A love of gardening and a desire to pass along that love by educating others is the driving force behind the Master Gardeners’ program, conducted through the Penn State Extension.

To become a certified Master Gardener, candidates must complete 40 hours of training and score at least 80 percent on a final exam. Once certified, a Master Gardener must perform 50 hours of volunteer service the first year. These service projects can differ from county to county.

“ If you commit to doing the training, the first 50 hours goes so fast, there’s so much to do,” said Suann Leighow, Master Gardener volunteer coordinator for Montour, Columbia and Northumberland counties. “There’s really programming anywhere you turn around. It’s not really hard to get your hours in at all. Once that’s done, then you only need to volunteer 20 hours a year.”

Volunteer opportunities might include anything from attending farmers’ markets and answering questions from home gardeners in the community to manning a Master Gardeners’ hotline.

“We love to do farmers’ markets. I think farmers’ markets are fun,” she said. “You get to meet the people and answer questions, and it’s usually a good day. And, they have food and I’m all about that,” she added with a laugh.

“At the Bloomsburg Fair, the Master Gardeners have a potting shed in the Horticulture Building. We man that all week long. From Saturday to Saturday,we have Master Gardeners in that hut all day long,” Leighow said.

Some of the questions the Master Gardeners address might deal with plant selection, plant propagation, problems with the soil and anything else gardening related. They also work with local scouting organizations. There also is a Master Gardener working with a group of students at Bucknell University in Lewisburg and another working with students at Mount Carmel on a greenhouse project.

Leighow modestly admitted that she has served as many as 500 hours in one year, reinforcing how easy it is to fulfill the required time.

Both in Columbia and Montour counties, the Master Gardeners conduct talks at local libraries at various times of the year. Topics covered include butterfly gardening, raised bed and container gardening, pruning conifers, houseplants and updates on the spotted lanternfly problem in the state.

An upcoming program on May 4 at the Ag Services building in Sunbury is titled “Spring Garden Essentials” and covers topics such as the dos and don’ts of vegetable gardening and preventing skin cancer while gardening.
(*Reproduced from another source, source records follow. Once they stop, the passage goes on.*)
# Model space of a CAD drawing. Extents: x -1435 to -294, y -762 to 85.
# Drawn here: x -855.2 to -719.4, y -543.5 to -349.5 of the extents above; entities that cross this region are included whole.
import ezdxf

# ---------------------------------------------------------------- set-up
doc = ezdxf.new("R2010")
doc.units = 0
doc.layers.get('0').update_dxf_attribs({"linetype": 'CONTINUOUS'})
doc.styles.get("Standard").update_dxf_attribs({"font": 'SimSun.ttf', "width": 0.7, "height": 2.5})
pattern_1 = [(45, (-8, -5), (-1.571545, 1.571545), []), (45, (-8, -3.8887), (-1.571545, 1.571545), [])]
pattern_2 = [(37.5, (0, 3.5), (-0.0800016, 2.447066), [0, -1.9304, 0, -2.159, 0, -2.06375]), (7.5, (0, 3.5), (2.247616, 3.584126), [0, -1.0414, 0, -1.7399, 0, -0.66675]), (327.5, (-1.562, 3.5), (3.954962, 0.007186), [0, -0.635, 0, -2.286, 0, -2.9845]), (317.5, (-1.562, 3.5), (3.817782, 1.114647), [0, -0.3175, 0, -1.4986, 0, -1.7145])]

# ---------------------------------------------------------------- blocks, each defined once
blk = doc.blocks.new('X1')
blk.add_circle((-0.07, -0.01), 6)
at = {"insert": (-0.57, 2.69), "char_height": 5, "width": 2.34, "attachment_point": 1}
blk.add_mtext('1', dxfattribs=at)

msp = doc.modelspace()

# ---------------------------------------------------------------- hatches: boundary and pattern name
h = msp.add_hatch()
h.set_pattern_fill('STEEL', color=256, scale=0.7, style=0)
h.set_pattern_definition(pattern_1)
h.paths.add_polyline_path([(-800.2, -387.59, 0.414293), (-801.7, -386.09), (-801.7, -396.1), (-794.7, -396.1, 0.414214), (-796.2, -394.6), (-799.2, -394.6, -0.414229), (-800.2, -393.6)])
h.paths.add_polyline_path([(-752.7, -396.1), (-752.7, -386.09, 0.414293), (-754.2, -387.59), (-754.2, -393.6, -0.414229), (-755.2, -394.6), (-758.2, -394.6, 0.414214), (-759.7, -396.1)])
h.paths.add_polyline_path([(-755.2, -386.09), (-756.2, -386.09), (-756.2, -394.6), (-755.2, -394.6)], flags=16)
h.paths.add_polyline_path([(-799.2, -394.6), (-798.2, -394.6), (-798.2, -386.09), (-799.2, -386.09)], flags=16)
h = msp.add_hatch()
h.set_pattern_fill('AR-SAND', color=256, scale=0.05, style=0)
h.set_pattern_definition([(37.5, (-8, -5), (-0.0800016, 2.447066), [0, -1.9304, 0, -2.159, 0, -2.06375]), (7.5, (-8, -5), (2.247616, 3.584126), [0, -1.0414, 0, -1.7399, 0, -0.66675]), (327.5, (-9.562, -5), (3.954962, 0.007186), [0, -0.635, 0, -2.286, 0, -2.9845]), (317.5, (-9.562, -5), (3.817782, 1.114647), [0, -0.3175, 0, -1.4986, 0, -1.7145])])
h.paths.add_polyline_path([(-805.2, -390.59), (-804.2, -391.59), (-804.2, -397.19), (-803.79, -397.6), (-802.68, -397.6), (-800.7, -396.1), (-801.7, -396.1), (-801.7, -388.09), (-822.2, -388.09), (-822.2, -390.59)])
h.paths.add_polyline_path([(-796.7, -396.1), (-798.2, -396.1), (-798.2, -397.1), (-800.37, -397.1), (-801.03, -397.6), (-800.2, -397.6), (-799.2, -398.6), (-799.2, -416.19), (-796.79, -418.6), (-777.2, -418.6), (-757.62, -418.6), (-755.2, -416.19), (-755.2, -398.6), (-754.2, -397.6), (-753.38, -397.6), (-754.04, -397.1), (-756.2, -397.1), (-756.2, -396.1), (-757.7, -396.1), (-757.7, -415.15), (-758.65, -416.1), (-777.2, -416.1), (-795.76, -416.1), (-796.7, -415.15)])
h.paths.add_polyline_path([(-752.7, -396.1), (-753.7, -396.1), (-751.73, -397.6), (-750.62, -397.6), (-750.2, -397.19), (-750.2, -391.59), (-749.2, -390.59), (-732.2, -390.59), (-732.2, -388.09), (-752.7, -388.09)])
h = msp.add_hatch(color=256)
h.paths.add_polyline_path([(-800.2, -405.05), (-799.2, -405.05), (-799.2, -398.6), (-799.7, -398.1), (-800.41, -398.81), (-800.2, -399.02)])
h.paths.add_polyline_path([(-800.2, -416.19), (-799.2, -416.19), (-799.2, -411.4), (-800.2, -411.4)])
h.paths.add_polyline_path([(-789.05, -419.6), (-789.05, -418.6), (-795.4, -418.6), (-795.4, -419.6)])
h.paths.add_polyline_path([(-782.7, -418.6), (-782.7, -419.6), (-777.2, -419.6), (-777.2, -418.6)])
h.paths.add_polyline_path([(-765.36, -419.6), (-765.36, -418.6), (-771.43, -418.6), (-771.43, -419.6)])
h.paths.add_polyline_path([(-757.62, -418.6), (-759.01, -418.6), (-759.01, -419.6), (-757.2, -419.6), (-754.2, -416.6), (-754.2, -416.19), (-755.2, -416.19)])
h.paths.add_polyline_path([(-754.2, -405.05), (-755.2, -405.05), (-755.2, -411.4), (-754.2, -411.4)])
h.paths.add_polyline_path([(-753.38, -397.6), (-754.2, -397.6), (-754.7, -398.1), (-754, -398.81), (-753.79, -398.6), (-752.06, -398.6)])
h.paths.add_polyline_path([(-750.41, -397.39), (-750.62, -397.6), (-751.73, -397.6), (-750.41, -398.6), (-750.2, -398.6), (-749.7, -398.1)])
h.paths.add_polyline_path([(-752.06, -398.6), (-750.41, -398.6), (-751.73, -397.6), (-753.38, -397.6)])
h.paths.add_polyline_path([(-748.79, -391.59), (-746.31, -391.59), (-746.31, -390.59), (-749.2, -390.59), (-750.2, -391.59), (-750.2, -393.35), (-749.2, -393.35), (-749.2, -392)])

“We’re all about teaching; that’s the whole gist of it,” she said.

Quoting from the group’s mission statement on the purpose of the program, Leighow continued,”To support Penn State Cooperative Extension by utilizing research-based information to educate the public on best practices in consumer horticulture and environmental stewardship.”

Leighow, who has been with the group for more than 20 years, cited a lifelong love of gardening that got her interested in the Master Gardener program.

“I actually went to see a program by a Master Gardener and I was hooked,” she said.

One thing that appealed to her was that the Master Gardeners seemed to have fun doing what they did.

She told her twin sister, Suzet, who was with her at the presentation, “This is fun, I think we can do this.” Her sister also decided to become a Master Gardener.

In the three-county area, about 50 Master Gardeners have joined the program.

“It is great to be around people who enjoy gardening as much as you do. It’s a fun group. We have fun doing it,” she said.

She recently worked at the Rural Ag Safety Day at the Bloomsburg Fairgrounds, an event that is aimed at youth and safety.

“Being with the soil conservation people and other Penn State groups ... it was just a fun day. We get to do a little networking, but it’s fun being together and being out and sharing gardening with the public,” she added.

Another Master Gardener, Mary Jo Gibson, who has been involved with gardening her entire life and has been in the group for 16 years, also likes the fact that the Master Gardeners share their love of gardening and their knowledge with others.

“I was aware of them for a long time and I had liked the idea of sharing information with the public because not everyone knew as much about gardening as I did,” she said.

Helping people solve problems with their plants appeals to Gibson.

“I came from generations of what I call serious backyard gardeners,” she said. “I didn’t always realize that not everybody knew some of the things that I was born knowing or I just automatically took them for granted because that’s what my family did, we gardened. We weren’t farmers, we were gardeners and there is a huge difference between the two. I like helping people solve their problems.”

One of the things Gibson is involved through the Master Gardeners in writing articles for the newspaper in order to educate the public.

“On Monday I’ll be doing a presentation on container gardening for a garden club. Garden clubs and other groups ask us to do presentations,” she noted. “We’re very busy.”

“It’s a very rewarding job,” she said, adding that everyone is a volunteer. No one gets paid for the many hours they devote to educating people.

“Some of us do consider it a job in a way, and it’s very, very rewarding,” she added.